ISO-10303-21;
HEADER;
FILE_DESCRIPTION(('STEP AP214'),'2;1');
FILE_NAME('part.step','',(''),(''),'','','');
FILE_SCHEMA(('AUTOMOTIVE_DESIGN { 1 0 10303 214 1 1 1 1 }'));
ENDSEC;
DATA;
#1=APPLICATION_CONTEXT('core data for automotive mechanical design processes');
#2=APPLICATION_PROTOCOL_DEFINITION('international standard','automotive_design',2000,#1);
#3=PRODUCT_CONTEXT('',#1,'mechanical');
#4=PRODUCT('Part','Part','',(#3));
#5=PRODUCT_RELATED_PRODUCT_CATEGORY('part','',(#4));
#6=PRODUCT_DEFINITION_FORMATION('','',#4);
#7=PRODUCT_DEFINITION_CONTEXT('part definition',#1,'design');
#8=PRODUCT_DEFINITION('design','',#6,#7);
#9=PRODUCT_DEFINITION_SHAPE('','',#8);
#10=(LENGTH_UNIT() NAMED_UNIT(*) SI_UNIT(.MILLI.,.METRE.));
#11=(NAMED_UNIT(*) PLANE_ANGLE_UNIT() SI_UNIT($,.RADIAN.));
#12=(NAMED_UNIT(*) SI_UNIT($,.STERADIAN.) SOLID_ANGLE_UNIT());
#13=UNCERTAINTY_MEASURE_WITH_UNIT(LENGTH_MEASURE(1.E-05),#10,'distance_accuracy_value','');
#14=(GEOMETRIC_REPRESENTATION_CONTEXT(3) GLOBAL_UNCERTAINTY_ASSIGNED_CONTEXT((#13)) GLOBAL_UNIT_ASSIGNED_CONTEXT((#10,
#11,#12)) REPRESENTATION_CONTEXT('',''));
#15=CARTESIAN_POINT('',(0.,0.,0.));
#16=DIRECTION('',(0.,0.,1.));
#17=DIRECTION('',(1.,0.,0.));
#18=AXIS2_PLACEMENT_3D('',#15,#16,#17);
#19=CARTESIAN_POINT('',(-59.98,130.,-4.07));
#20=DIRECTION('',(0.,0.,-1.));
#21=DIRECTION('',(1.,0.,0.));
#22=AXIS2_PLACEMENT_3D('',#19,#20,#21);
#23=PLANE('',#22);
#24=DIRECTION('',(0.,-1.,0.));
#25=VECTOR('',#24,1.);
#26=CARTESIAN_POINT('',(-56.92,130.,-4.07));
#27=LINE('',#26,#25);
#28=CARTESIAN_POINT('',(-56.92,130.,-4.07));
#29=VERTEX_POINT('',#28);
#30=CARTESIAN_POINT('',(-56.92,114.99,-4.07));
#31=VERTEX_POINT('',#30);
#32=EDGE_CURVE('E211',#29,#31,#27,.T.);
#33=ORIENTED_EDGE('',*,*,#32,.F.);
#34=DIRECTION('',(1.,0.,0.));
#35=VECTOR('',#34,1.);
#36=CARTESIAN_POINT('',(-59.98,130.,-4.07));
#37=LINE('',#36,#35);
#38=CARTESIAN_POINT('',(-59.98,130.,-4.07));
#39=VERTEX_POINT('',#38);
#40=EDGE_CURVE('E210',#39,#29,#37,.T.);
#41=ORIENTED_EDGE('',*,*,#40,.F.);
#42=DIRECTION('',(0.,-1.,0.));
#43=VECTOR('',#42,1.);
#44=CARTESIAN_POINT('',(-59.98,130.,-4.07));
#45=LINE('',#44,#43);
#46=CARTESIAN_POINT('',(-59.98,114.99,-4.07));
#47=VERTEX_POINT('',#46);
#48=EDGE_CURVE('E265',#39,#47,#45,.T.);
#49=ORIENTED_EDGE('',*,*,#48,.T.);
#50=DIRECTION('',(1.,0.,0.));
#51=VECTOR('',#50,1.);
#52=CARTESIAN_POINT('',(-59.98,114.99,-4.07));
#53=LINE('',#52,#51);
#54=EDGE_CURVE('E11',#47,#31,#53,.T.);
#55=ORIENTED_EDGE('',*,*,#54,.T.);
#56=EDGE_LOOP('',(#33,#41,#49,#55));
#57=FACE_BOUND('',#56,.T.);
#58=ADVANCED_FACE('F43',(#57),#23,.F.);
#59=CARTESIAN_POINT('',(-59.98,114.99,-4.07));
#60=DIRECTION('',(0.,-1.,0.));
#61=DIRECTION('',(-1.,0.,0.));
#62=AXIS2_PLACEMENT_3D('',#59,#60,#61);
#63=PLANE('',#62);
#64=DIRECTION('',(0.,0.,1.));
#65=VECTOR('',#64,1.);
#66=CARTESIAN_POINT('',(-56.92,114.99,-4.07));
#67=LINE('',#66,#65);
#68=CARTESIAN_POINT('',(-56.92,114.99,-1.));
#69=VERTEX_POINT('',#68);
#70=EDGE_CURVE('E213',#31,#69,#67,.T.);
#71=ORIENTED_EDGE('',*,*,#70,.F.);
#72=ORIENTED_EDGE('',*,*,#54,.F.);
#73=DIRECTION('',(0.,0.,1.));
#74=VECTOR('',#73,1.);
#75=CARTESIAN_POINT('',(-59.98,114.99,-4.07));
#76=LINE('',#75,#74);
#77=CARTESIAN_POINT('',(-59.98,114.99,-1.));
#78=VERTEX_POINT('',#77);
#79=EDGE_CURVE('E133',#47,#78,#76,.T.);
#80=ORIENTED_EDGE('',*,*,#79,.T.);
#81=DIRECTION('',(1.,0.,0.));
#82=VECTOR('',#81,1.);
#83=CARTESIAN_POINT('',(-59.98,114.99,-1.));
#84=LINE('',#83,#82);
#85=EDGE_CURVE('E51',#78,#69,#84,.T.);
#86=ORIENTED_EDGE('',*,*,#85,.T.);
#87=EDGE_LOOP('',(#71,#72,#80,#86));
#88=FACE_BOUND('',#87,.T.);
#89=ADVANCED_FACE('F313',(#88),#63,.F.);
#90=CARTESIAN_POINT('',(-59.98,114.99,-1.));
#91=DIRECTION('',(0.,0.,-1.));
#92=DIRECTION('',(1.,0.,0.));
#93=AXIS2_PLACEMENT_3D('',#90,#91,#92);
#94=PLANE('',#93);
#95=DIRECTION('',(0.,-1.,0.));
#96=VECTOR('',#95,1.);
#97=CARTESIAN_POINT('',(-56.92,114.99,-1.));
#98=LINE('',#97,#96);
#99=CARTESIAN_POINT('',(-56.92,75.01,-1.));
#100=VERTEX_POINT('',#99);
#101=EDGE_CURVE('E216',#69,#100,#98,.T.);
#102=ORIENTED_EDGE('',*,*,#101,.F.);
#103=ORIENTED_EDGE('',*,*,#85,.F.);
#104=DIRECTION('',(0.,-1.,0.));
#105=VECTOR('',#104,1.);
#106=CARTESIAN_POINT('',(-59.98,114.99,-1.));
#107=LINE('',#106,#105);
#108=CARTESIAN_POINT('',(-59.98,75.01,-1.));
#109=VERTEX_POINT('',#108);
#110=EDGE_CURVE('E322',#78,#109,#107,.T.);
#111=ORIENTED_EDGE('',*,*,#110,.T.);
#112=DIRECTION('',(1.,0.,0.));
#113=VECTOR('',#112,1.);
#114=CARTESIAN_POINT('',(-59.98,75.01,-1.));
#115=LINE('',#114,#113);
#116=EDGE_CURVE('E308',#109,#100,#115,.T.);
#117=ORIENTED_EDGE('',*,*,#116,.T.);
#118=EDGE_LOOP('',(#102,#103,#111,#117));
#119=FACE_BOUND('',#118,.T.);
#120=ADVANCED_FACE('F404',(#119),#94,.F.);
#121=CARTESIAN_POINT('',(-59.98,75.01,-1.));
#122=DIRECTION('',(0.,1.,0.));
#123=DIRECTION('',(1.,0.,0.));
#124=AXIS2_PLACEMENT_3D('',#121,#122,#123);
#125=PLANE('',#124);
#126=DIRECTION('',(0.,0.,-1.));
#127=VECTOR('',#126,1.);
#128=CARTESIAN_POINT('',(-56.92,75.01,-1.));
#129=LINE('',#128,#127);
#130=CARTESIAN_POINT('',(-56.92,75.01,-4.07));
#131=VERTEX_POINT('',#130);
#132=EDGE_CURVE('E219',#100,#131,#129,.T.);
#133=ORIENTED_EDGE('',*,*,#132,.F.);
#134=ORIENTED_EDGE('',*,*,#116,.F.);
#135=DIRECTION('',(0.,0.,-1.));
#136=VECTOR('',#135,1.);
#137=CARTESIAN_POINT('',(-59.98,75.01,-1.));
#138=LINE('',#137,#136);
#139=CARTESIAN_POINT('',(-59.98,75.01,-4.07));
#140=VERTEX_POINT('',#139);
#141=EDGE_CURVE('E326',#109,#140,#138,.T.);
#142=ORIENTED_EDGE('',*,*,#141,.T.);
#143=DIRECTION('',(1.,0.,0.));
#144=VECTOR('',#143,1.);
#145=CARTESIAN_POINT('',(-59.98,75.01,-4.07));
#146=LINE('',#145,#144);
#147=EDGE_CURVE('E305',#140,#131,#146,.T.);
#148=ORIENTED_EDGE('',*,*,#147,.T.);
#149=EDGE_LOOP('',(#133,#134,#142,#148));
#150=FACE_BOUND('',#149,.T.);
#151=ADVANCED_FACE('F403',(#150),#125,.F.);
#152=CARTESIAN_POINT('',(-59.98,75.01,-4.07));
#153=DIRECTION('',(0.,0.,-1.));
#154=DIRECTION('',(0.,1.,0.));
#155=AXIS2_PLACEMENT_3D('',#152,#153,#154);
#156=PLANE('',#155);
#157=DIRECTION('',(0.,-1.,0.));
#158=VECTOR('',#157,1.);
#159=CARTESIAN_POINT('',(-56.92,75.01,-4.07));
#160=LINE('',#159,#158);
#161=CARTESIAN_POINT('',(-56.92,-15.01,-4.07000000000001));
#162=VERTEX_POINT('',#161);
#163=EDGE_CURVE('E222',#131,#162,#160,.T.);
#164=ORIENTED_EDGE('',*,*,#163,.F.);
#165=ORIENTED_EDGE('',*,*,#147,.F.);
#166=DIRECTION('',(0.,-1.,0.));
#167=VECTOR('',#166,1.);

--- TRY IT ---
Your answer must be the lines above from the one containing "#50=DIRECTION('',(1.,0.,0.));" to the one containing "#119=FACE_BOUND('',#118,.T.);", both included, restated word for word.

--- EXERCISE SOLUTION ---
#50=DIRECTION('',(1.,0.,0.));
#51=VECTOR('',#50,1.);
#52=CARTESIAN_POINT('',(-59.98,114.99,-4.07));
#53=LINE('',#52,#51);
#54=EDGE_CURVE('E11',#47,#31,#53,.T.);
#55=ORIENTED_EDGE('',*,*,#54,.T.);
#56=EDGE_LOOP('',(#33,#41,#49,#55));
#57=FACE_BOUND('',#56,.T.);
#58=ADVANCED_FACE('F43',(#57),#23,.F.);
#59=CARTESIAN_POINT('',(-59.98,114.99,-4.07));
#60=DIRECTION('',(0.,-1.,0.));
#61=DIRECTION('',(-1.,0.,0.));
#62=AXIS2_PLACEMENT_3D('',#59,#60,#61);
#63=PLANE('',#62);
#64=DIRECTION('',(0.,0.,1.));
#65=VECTOR('',#64,1.);
#66=CARTESIAN_POINT('',(-56.92,114.99,-4.07));
#67=LINE('',#66,#65);
#68=CARTESIAN_POINT('',(-56.92,114.99,-1.));
#69=VERTEX_POINT('',#68);
#70=EDGE_CURVE('E213',#31,#69,#67,.T.);
#71=ORIENTED_EDGE('',*,*,#70,.F.);
#72=ORIENTED_EDGE('',*,*,#54,.F.);
#73=DIRECTION('',(0.,0.,1.));
#74=VECTOR('',#73,1.);
#75=CARTESIAN_POINT('',(-59.98,114.99,-4.07));
#76=LINE('',#75,#74);
#77=CARTESIAN_POINT('',(-59.98,114.99,-1.));
#78=VERTEX_POINT('',#77);
#79=EDGE_CURVE('E133',#47,#78,#76,.T.);
#80=ORIENTED_EDGE('',*,*,#79,.T.);
#81=DIRECTION('',(1.,0.,0.));
#82=VECTOR('',#81,1.);
#83=CARTESIAN_POINT('',(-59.98,114.99,-1.));
#84=LINE('',#83,#82);
#85=EDGE_CURVE('E51',#78,#69,#84,.T.);
#86=ORIENTED_EDGE('',*,*,#85,.T.);
#87=EDGE_LOOP('',(#71,#72,#80,#86));
#88=FACE_BOUND('',#87,.T.);
#89=ADVANCED_FACE('F313',(#88),#63,.F.);
#90=CARTESIAN_POINT('',(-59.98,114.99,-1.));
#91=DIRECTION('',(0.,0.,-1.));
#92=DIRECTION('',(1.,0.,0.));
#93=AXIS2_PLACEMENT_3D('',#90,#91,#92);
#94=PLANE('',#93);
#95=DIRECTION('',(0.,-1.,0.));
#96=VECTOR('',#95,1.);
#97=CARTESIAN_POINT('',(-56.92,114.99,-1.));
#98=LINE('',#97,#96);
#99=CARTESIAN_POINT('',(-56.92,75.01,-1.));
#100=VERTEX_POINT('',#99);
#101=EDGE_CURVE('E216',#69,#100,#98,.T.);
#102=ORIENTED_EDGE('',*,*,#101,.F.);
#103=ORIENTED_EDGE('',*,*,#85,.F.);
#104=DIRECTION('',(0.,-1.,0.));
#105=VECTOR('',#104,1.);
#106=CARTESIAN_POINT('',(-59.98,114.99,-1.));
#107=LINE('',#106,#105);
#108=CARTESIAN_POINT('',(-59.98,75.01,-1.));
#109=VERTEX_POINT('',#108);
#110=EDGE_CURVE('E322',#78,#109,#107,.T.);
#111=ORIENTED_EDGE('',*,*,#110,.T.);
#112=DIRECTION('',(1.,0.,0.));
#113=VECTOR('',#112,1.);
#114=CARTESIAN_POINT('',(-59.98,75.01,-1.));
#115=LINE('',#114,#113);
#116=EDGE_CURVE('E308',#109,#100,#115,.T.);
#117=ORIENTED_EDGE('',*,*,#116,.T.);
#118=EDGE_LOOP('',(#102,#103,#111,#117));
#119=FACE_BOUND('',#118,.T.);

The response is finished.